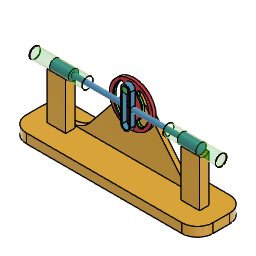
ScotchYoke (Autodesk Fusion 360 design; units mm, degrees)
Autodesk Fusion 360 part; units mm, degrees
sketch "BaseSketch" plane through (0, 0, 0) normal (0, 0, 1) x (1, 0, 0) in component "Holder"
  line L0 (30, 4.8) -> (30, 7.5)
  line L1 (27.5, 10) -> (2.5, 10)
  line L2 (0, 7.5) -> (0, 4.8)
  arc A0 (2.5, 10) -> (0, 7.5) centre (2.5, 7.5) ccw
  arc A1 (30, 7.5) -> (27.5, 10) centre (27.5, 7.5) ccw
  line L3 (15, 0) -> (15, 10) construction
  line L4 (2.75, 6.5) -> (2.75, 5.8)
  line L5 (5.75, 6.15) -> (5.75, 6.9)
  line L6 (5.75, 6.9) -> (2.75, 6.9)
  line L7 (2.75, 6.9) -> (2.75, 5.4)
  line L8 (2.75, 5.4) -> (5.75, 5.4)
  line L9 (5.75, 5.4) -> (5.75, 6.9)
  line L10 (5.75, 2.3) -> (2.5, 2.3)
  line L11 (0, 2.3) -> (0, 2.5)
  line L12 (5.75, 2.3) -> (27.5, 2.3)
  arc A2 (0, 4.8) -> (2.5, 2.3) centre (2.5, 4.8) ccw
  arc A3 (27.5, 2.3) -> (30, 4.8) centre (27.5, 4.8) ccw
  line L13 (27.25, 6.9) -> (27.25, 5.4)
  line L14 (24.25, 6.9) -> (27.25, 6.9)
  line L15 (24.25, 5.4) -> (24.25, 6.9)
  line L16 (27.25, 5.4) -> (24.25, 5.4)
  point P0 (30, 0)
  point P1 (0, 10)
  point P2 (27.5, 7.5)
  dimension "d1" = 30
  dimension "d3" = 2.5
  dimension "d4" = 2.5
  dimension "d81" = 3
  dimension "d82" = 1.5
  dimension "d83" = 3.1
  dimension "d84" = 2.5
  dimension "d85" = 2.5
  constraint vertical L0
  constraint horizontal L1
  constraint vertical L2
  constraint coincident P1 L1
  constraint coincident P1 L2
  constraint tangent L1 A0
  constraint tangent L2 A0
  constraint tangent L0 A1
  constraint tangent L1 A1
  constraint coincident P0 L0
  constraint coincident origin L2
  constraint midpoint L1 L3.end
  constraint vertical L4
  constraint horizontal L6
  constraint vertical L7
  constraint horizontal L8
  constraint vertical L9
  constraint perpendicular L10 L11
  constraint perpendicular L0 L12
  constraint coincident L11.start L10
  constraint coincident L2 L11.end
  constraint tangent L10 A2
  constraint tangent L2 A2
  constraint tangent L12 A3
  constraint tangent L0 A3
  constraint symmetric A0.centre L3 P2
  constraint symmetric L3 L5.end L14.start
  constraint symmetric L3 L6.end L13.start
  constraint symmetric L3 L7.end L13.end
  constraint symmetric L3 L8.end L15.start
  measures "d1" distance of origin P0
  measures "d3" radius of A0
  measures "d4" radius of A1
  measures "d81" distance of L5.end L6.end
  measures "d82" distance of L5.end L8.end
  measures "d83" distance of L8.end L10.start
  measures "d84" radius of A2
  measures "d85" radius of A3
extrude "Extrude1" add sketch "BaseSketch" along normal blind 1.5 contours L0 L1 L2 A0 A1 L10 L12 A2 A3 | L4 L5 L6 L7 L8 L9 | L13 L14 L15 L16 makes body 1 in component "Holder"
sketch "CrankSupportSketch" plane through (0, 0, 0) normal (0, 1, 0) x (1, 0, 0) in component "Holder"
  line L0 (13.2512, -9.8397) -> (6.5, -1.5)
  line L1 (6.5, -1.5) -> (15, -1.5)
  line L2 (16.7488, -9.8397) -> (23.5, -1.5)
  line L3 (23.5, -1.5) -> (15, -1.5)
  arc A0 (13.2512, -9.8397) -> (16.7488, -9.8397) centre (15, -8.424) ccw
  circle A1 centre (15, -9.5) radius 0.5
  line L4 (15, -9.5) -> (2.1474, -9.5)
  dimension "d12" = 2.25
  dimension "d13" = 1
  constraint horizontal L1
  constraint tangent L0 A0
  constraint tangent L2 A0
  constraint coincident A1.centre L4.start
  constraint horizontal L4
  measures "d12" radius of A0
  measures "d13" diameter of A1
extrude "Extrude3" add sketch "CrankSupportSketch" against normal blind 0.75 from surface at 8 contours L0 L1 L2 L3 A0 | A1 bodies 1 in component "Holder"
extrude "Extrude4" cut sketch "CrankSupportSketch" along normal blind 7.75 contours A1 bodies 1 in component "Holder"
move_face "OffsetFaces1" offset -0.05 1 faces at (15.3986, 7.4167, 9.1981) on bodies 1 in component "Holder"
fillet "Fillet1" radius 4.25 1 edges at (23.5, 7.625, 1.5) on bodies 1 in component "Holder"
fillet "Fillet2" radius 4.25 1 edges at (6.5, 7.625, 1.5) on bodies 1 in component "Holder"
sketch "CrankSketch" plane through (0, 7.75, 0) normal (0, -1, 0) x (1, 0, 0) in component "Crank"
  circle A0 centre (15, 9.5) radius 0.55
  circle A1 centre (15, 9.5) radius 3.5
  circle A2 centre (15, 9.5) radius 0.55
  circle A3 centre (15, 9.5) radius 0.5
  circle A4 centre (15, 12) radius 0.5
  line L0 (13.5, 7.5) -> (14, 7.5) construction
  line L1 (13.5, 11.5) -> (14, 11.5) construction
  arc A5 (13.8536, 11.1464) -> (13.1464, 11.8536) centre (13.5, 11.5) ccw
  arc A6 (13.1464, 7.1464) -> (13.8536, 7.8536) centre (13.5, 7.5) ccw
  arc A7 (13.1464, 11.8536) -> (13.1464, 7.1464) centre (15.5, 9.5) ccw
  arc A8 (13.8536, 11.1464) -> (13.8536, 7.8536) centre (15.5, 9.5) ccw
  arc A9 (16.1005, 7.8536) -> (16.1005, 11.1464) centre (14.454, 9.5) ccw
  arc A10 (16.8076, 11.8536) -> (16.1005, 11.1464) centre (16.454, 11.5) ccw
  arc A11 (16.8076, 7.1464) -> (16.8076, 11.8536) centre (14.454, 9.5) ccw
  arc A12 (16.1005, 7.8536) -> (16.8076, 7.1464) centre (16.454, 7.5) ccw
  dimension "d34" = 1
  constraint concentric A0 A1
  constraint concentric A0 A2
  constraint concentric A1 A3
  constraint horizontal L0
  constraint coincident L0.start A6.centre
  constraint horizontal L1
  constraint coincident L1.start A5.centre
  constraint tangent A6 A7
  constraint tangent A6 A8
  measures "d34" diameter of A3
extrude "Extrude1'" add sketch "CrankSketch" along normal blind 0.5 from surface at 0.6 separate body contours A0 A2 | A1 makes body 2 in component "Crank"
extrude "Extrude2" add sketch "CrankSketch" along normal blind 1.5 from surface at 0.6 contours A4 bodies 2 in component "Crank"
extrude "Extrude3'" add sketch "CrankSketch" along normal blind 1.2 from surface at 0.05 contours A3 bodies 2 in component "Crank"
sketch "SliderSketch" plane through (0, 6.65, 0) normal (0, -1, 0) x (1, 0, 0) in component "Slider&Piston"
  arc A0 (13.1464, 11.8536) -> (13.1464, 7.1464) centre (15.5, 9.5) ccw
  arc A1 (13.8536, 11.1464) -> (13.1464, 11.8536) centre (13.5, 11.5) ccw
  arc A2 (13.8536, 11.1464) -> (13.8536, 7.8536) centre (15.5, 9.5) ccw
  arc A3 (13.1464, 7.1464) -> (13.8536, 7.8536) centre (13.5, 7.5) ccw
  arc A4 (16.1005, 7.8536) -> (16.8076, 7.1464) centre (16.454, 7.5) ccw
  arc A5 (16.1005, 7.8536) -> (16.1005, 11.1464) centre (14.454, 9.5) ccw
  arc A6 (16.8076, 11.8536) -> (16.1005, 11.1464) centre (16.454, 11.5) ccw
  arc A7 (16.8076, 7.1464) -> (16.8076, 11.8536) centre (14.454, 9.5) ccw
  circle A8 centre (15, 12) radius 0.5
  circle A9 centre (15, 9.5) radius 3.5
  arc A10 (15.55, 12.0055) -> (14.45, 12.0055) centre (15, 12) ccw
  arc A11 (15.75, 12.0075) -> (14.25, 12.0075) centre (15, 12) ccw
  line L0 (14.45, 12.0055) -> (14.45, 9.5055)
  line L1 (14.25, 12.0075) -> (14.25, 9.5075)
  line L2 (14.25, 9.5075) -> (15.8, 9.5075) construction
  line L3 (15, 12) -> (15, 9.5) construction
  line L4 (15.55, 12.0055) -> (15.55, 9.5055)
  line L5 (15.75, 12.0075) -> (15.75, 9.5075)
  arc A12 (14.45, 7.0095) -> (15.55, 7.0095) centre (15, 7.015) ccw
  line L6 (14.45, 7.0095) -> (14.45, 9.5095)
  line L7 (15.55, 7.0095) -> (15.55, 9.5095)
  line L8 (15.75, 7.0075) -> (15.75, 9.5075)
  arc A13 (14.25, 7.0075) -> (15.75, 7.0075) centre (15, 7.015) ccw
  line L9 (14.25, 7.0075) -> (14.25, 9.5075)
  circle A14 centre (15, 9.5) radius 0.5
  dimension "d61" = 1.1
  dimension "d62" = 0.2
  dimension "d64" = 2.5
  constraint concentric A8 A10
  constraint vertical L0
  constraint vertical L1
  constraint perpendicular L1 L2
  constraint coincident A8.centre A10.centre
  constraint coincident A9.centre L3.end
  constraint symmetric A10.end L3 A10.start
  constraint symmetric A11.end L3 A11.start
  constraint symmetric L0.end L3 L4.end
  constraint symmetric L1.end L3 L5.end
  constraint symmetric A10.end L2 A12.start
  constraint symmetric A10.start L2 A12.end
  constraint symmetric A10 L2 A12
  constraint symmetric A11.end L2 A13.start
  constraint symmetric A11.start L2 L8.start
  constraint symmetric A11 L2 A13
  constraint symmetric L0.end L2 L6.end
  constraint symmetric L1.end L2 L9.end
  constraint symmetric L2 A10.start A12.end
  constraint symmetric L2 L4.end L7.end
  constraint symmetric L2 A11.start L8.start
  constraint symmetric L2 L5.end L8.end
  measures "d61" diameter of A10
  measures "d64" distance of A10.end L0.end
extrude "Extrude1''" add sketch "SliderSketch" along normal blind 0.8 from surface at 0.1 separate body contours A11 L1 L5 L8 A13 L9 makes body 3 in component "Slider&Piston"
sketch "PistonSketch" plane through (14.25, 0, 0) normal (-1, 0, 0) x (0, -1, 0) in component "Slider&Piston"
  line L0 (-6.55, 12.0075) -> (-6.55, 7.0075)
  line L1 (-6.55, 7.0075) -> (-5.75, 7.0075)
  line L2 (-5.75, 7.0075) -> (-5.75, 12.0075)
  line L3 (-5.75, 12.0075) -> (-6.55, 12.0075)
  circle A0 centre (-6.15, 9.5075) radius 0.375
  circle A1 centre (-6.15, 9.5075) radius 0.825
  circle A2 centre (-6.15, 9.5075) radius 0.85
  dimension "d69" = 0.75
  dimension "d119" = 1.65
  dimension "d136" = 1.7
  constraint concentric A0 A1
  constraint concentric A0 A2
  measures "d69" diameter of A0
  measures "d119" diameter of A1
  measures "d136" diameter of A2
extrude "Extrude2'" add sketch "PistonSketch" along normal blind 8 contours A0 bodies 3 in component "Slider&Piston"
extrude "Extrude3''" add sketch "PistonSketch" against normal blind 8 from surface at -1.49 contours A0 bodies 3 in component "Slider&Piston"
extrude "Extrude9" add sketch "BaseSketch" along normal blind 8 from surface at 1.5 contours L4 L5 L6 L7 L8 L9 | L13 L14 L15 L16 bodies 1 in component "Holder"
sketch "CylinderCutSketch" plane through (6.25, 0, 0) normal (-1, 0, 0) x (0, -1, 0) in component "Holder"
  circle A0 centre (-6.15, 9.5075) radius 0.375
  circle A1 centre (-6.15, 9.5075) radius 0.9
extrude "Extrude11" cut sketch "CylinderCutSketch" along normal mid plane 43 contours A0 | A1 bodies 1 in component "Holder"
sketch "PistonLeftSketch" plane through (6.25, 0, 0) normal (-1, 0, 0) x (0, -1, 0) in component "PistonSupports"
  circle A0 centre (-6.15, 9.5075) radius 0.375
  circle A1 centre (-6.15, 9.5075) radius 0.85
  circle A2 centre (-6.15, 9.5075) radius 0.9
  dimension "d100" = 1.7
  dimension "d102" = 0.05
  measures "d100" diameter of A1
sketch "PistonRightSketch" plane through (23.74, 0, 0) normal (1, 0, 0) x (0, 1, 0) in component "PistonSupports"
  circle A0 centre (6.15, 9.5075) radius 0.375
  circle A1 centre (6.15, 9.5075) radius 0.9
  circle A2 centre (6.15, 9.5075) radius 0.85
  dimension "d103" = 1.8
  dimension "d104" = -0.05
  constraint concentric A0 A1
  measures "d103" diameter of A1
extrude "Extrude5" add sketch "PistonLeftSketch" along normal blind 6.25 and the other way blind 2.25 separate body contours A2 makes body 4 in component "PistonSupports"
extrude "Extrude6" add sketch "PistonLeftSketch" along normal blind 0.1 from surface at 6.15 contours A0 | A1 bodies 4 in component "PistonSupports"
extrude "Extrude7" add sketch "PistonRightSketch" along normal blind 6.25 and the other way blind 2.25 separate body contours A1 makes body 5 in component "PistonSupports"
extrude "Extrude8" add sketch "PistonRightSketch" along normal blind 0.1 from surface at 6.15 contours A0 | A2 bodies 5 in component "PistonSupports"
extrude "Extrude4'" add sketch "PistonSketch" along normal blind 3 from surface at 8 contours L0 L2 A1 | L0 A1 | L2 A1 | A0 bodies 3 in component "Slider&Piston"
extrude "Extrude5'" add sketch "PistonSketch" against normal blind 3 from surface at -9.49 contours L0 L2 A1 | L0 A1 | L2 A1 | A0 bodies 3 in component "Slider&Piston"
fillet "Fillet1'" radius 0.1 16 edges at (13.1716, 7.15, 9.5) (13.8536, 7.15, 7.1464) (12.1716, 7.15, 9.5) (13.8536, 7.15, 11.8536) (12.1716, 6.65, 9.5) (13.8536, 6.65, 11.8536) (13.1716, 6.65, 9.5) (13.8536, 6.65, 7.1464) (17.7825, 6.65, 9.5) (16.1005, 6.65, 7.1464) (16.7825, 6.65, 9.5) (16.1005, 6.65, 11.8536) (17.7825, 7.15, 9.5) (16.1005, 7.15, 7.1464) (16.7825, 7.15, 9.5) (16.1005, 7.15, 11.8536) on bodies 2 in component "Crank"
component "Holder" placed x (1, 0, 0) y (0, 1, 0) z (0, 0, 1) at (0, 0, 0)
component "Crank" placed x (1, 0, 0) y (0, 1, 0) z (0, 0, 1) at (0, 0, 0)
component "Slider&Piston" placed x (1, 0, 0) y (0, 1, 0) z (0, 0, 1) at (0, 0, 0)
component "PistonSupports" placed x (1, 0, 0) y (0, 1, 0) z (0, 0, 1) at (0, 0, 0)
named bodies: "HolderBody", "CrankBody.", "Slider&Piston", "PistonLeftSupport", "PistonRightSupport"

===============

**Exercise details:**
Start with the line above that contains "constraint concentric A8 A10" and stop after the line that contains "blind 8 contours". Output those lines exactly, and only those.

**Result below:**
  constraint concentric A8 A10
  constraint vertical L0
  constraint vertical L1
  constraint perpendicular L1 L2
  constraint coincident A8.centre A10.centre
  constraint coincident A9.centre L3.end
  constraint symmetric A10.end L3 A10.start
  constraint symmetric A11.end L3 A11.start
  constraint symmetric L0.end L3 L4.end
  constraint symmetric L1.end L3 L5.end
  constraint symmetric A10.end L2 A12.start
  constraint symmetric A10.start L2 A12.end
  constraint symmetric A10 L2 A12
  constraint symmetric A11.end L2 A13.start
  constraint symmetric A11.start L2 L8.start
  constraint symmetric A11 L2 A13
  constraint symmetric L0.end L2 L6.end
  constraint symmetric L1.end L2 L9.end
  constraint symmetric L2 A10.start A12.end
  constraint symmetric L2 L4.end L7.end
  constraint symmetric L2 A11.start L8.start
  constraint symmetric L2 L5.end L8.end
  measures "d61" diameter of A10
  measures "d64" distance of A10.end L0.end
extrude "Extrude1''" add sketch "SliderSketch" along normal blind 0.8 from surface at 0.1 separate body contours A11 L1 L5 L8 A13 L9 makes body 3 in component "Slider&Piston"
sketch "PistonSketch" plane through (14.25, 0, 0) normal (-1, 0, 0) x (0, -1, 0) in component "Slider&Piston"
  line L0 (-6.55, 12.0075) -> (-6.55, 7.0075)
  line L1 (-6.55, 7.0075) -> (-5.75, 7.0075)
  line L2 (-5.75, 7.0075) -> (-5.75, 12.0075)
  line L3 (-5.75, 12.0075) -> (-6.55, 12.0075)
  circle A0 centre (-6.15, 9.5075) radius 0.375
  circle A1 centre (-6.15, 9.5075) radius 0.825
  circle A2 centre (-6.15, 9.5075) radius 0.85
  dimension "d69" = 0.75
  dimension "d119" = 1.65
  dimension "d136" = 1.7
  constraint concentric A0 A1
  constraint concentric A0 A2
  measures "d69" diameter of A0
  measures "d119" diameter of A1
  measures "d136" diameter of A2
extrude "Extrude2'" add sketch "PistonSketch" along normal blind 8 contours A0 bodies 3 in component "Slider&Piston"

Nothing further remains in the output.